For an 8B parameter model.
Opus is estimated at 500B-2T parameters. At that scale you’re past reticle limits and need HBM and multi-die packaging, which means you’ve essentially built an inference ASIC (like Groq or Etched) rather than something categorically cheaper than GPUs. The “burned into silicon” advantage mostly evaporates at frontier scale.
At some point we will get these models in hardware and the cost per token will be minimal.
These are exactly the kinds of models that you can easily run locally by repurposing existing hardware. Depending on how much you're willing to wait for the answer, running local even gives you strictly better outcomes for simple Q&A queries.
(Long-context and agentic use cases are admittedly much harder to fit under that model, since non-AI uses for the high-end hardware you'd realistically need for those are rather more limited, and they're hit by the ongoing hardware shortage.)
No gotchas here.

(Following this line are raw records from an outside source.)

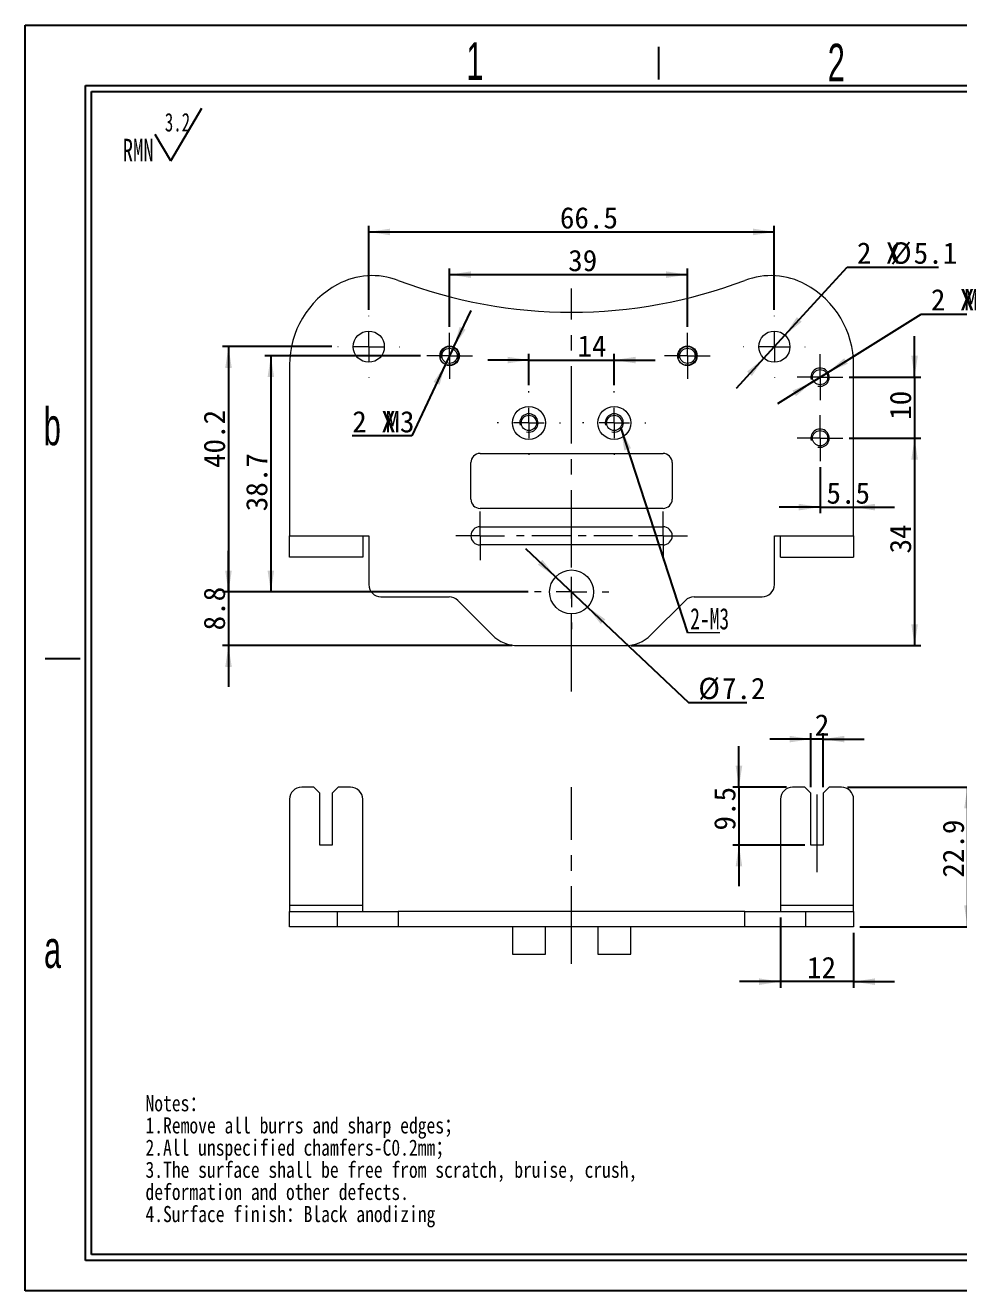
# Model space of a CAD drawing. Header units: millimetres. Extents: x 2 to 295, y 1 to 209.
# Drawn here: x 1.8 to 154.9, y 1.3 to 208.7 of the extents above; entities that cross this region are included whole.
import ezdxf

# ---------------------------------------------------------------- set-up
doc = ezdxf.new("R2010")
doc.units = ezdxf.units.MM
doc.linetypes.add('CENTER', pattern=[10.16, 6.35, -1.27, 1.27, -1.27])
doc.linetypes.add('CENTERX2', pattern=[20.32, 12.7, -2.54, 2.54, -2.54])
doc.layers.add('DIM', color=5, linetype='Continuous')
doc.layers.add('SLD-0', color=179, linetype='Continuous')
doc.layers.add('中心线', color=1, linetype='CENTER', lineweight=15)
doc.styles.add('SLDTEXTSTYLE0', font='SIMSUN.TTC', dxfattribs={"width": 0.67})
doc.styles.add('SLDTEXTSTYLE14', font='SIMSUN.TTC')
doc.styles.add('SLDTEXTSTYLE3', font='SIMSUN.TTC', dxfattribs={"width": 0.8, "bigfont": 'bigfont'})
doc.styles.add('SLDTEXTSTYLE4', font='SIMSUN.TTC', dxfattribs={"width": 0.8})
doc.styles.add('SLDTEXTSTYLE7', font='GOTHIC.TTF', dxfattribs={"width": 0.61171})
doc.styles.get("Standard").update_dxf_attribs({"font": 'SIMSUN.TTC'})
doc.dimstyles.new('SLDDIMSTYLE0', dxfattribs={"dimtxt": 3.5, "dimasz": 3.5, "dimexe": 0, "dimexo": 0.0625, "dimgap": 0.875, "dimtad": 2, "dimrnd": 1e-09, "dimzin": 12, "dimdsep": 46, "dimtxsty": 'SLDTEXTSTYLE0', "dimsah": 1, "dimcen": 0.09, "dimadec": 0, "dimazin": 3, "dimtfac": 1, "dimtofl": 0, "dimtmove": 0, "dimatfit": 3, "dimfxl": 0, "dimfrac": 2, "dimtolj": 1, "dimtzin": 12, "dimarcsym": 0})
doc.dimstyles.new('SLDDIMSTYLE1', dxfattribs={"dimtxt": 3.5, "dimasz": 3.5, "dimexe": 0, "dimexo": 0.0625, "dimgap": 0.875, "dimtad": 2, "dimrnd": 1e-09, "dimzin": 12, "dimdsep": 46, "dimtxsty": 'SLDTEXTSTYLE0', "dimsah": 1, "dimcen": 0.09, "dimadec": 0, "dimazin": 3, "dimtfac": 1, "dimtmove": 0, "dimatfit": 0, "dimfxl": 0, "dimfrac": 2, "dimtolj": 1, "dimtzin": 12, "dimarcsym": 0})
doc.dimstyles.new('SLDDIMSTYLE2', dxfattribs={"dimtxt": 3.5, "dimasz": 3.5, "dimexe": 0, "dimexo": 0.0625, "dimgap": 0.875, "dimtad": 0, "dimtih": 1, "dimtoh": 1, "dimrnd": 1e-09, "dimzin": 12, "dimdsep": 46, "dimtxsty": 'SLDTEXTSTYLE0', "dimsah": 1, "dimcen": 0, "dimadec": 0, "dimazin": 3, "dimtfac": 1, "dimtmove": 0, "dimatfit": 3, "dimfxl": 0, "dimfrac": 2, "dimtolj": 1, "dimtzin": 12, "dimarcsym": 0})
doc.dimstyles.new('SLDDIMSTYLE3', dxfattribs={"dimtxt": 0.18, "dimasz": 3.5, "dimexe": 0, "dimexo": 0.0625, "dimgap": 0, "dimtad": 0, "dimtih": 1, "dimtoh": 1, "dimdec": 0, "dimrnd": 1e-09, "dimzin": 0, "dimdsep": 46, "dimtxsty": 'Standard', "dimsah": 1, "dimcen": 0.09, "dimadec": 0, "dimazin": 0, "dimtfac": 3.5, "dimtdec": 0, "dimtofl": 0, "dimtmove": 0, "dimatfit": 3, "dimfxl": 0, "dimfrac": 2, "dimtolj": 1, "dimtzin": 0, "dimarcsym": 0})

# ---------------------------------------------------------------- blocks, each defined once
blk = doc.blocks.new('SW_NOTE_0')
at = {"layer": 'SLD-0', "color": 0}
for q in [(12.98, 9.35), (5.31, 5.02)]:
    blk.add_line((7.87, 0.69), q, dxfattribs=at)
at = {"layer": 'SLD-0', "color": 0, "attachment_point": 1, "style": 'SLDTEXTSTYLE0'}
for s, insert, char_height in [('3.2', (6.9, 8.55), 3.032), ('RMN', (0, 4.31), 3.704)]:
    blk.add_mtext(s, dxfattribs=dict(at, insert=insert, char_height=char_height))
blk = doc.blocks.new('SW_NOTE_1')
at = {"layer": 'SLD-0', "color": 0, "char_height": 2.6458, "attachment_point": 1}
for s, insert, style in [('Notes\\M+18146', (0, 3.08), 'SLDTEXTSTYLE3'), ('1.Remove all burrs and sharp edges\\M+18147', (0, -0.55), 'SLDTEXTSTYLE3'), ('2.All unspecified chamfers-C0.2mm\\M+18147', (0, -4.19), 'SLDTEXTSTYLE3'), ('3.The surface shall be free from scratch, bruise, crush, ', (0, -7.82), 'SLDTEXTSTYLE4'), ('deformation and other defects.', (0, -11.45), 'SLDTEXTSTYLE4'), ('4.Surface finish\\M+18146Black anodizing', (0, -15.08), 'SLDTEXTSTYLE3')]:
    blk.add_mtext(s, dxfattribs=dict(at, insert=insert, style=style))
blk = doc.blocks.new('_D')
at = {"layer": 'DIM'}
for p, q in [((71.38, 159.26), (71.38, 168.81)), ((110.38, 159.26), (110.38, 168.81)), ((71.38, 167.81), (110.38, 167.81))]:
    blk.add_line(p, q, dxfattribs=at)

I genuinely don't know that 8B parameters is in a zone with significant decreasing marginal returns -- too far out of my knowledge area but genuinely curious.
I expect that this kind of burned-in model is also very difficult to verify (how do you know if some of the weights are off), and not amenable to partial disablement to increase yield. For CPUs, you just laser disable bad cores. Can't forego part of a neural net.
Obviously it’s not ideal but you could likely have single digit % of all weights affected and still have a useful model (many caveats here: e.g. locality of damaged weights matters, distribution of errors matters, fail high/low matters, …)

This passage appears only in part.